В которых жильцы бросали из окон бутылки и даже цветочные горшки,
и те валялись на соседней крыше.
Чайки. Благословенные.
Они их разбудили, а иначе до счастья могло оставаться ещё несколько часов сна.
И так столько лет они спали, не зная друг друга. Не познав друг друга.
Чайки разбудили их. И Хайнц узнал женщину.
Скольких женщин он имел? Не так уж много.
Бабником он не был. Хотя не был и скромником.
Но женщину он узнал только сегодня.
Только сегодня он узнал,
как игры Любви отличаются от просто игр.
Можно прожить всю жизнь и не узнать.
Нет, пройти мимо невозможно.
Можно было просто никогда не пройти.
Не пройти мимо, не встретить.
Он проснулся уже полным сил.
Он хотел её ещё во сне.
Он открыл глаза и погрузил их в её зелёный огонь.
Они ни о чём не говорили.
Их рты были заняты более важной задачей,
которая была им назначена от века
и которую они выполняли задолго до того,
как люди вообще научились говорить.
У ртов была совсем другая забота.
Нужно было изучить так много!
Столько нежных ложбинок и холмов поцеловать!
Два упругих маленьких вулкана с выпуклыми, крепкими сосками.
Лес её медовых волос, нежно завивающихся
и слегка вспотевших во сне на затылке.
Ах, его рту было столько заботы!
Но и её не остался без дел.
Он прикусывал его плечи.
Одними губами нашёл в густой чаще на груди его маленькие розовые соски.
Играл с ними, то дразня языком, то присасываясь
и вызывая длинную искру от диафрагмы до самого паха.
Он спустился и туда. И попробовал всё
в своём неуёмном первобытном любопытстве.

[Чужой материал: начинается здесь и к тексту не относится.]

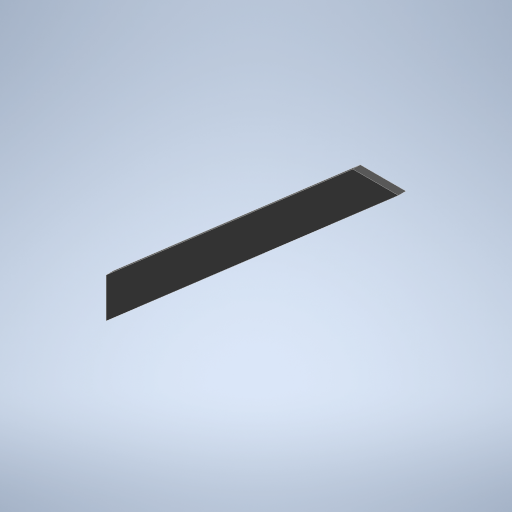
# Autodesk Inventor part: RP_Waist-Diagonal-material
Saved by Autodesk Inventor 2024.3 (Build 283343000, 343)
## iProperties
Created: 2025-05-22
Part Number: RP_Waist-Diagonal-material
Material: A5052
Document SubType Name: Modeling
Designer: 佐藤智貴
Density: 2.68 g/cm^3
Appearance: 一般
Mass: 117.02 g
Surface Area: 202.186 cm^2
Volume: 43.6643 cm^3
Author: 佐藤智貴
Autodesk Inventor part; units mm, degrees
ref_plane "YZ Plane" through (0, 0, 0) normal (1, 0, 0) x (0, 1, 0)
ref_plane "XZ Plane" through (0, 0, 0) normal (0, 1, 0) x (-1, 0, 0)
ref_plane "XY Plane" through (0, 0, 0) normal (0, 0, 1) x (1, 0, 0)
sketch "スケッチ1" plane through (0, 0, 0) normal (0, 0, 1) x (1, 0, 0)
  line L0 (0, 0) -> (195, 0)
  line L1 (195, 0) -> (195, 170)
  line L2 (195, 170) -> (0, 170)
  line L3 (0, 170) -> (0, 0)
  line L4 (0, 0) -> (195, 170)
  dimension "d0" = 195
  dimension "d1" = 170
  constraints: 10 end point, 2 parallel, 1 horizontal, 1 perpendicular
  measures "d0" distance of L1.end L2.end
  measures "d1" distance of L0.end L1.end
extrude "押し出し1" add sketch "スケッチ1" along normal blind 5 contours L3 L2 L4
sketch "スケッチ13" plane through (0, 0, 5) normal (0, 0, 1) x (1, 0, 0)
  line L0 (0, 0) -> (195, 170) projected
  line L1 (0, 0) -> (195, 170)
  line L2 (0, 0) -> (195, 170) projected
  line L3 (195, 170) -> (0, 170) projected
  line L4 (0, 170) -> (0, 0) projected
  line L5 (169.9396, 174.6857) -> (-13.756, 14.5408)
  line L6 (10, 160) -> (168.3118, 160)
  line L7 (168.3118, 160) -> (10, 21.9845)
  line L8 (10, 21.9845) -> (10, 160)
  point P0 (0, 26.5332)
  point P1 (164.5649, 170)
  point P2 (10, 35.2511)
  point P3 (153.0943, 160)
  dimension "d75" = 20
  dimension "d78" = 10
  constraints: 10 end point, 1 collinear, 1 parallel, 2 other
  measures "d75" distance between parallel lines of L0 L5
  measures "d78" distance between parallel lines of L3 L6
extrude "押し出し11" cut sketch "スケッチ13" against normal blind 10 contours L8 L6 L5
fillet "フィレット7" radius 5 3 edges at (10, 160, 2.5) (10, 35.2511, 2.5) (153.0943, 160, 2.5)
sketch "スケッチ14" plane through (0, 0, 5) normal (0, 0, 1) x (1, 0, 0)
  line L0 (15, 160) -> (139.7502, 160) projected
  arc A0 (143.0359, 151.2311) -> (139.7502, 160) centre (139.7502, 155) ccw projected
  line L1 (143.0359, 151.2311) -> (18.2857, 42.4746) projected
  arc A1 (10, 46.2434) -> (18.2857, 42.4746) centre (15, 46.2434) ccw projected
  line L2 (10, 46.2434) -> (10, 155) projected
  arc A2 (15, 160) -> (10, 155) centre (15, 155) ccw projected
  line L3 (0, 0) -> (195, 170) projected
  line L4 (195, 170) -> (0, 170) projected
  line L5 (0, 170) -> (0, 0) projected
  line L6 (164.5649, 170) -> (-7.7035, 19.8173)
  point P0 (143.0359, 151.2311)
  point P1 (0, 26.5332)
  point P2 (18.2857, 42.4746)
  dimension "d80" = 20
  constraints: 3 point on line, 2 end point
  measures "d80" distance between parallel lines of L3 L6
extrude "押し出し12" cut sketch "スケッチ14" against normal blind 10 contours A2 L2 A1 L6 L5 L4 A0 L0

Ах, её рту было столько заботы!
Они перестали быть русской и немцем.
Они были первыми людьми на маленькой планете,
увитой древним плющом и несущейся между прошлым и будущим
по сияющей нити начавшегося сентября.
В миллионнолетнем лесу с его влажным дыханием,
призывно шелестящим дождём и томными,
уносящими в бесконечность запахами.
Его запах. Она вдыхала и вдыхала его.
Её запах. Он вдыхал и вдыхал его.
И весь трепетал её трепетом.
Его язык всё умел. Он всё знал,
хоть хозяин даже не подозревал об этом.
Он умел это уже миллионы лет
и сейчас только отдал своё знание.
И она приняла его, извиваясь и крича.
И никогда ещё Хайнц не видел
такой смертной муки на лице женщины.
Как будто она рожала их Любовь. И родила.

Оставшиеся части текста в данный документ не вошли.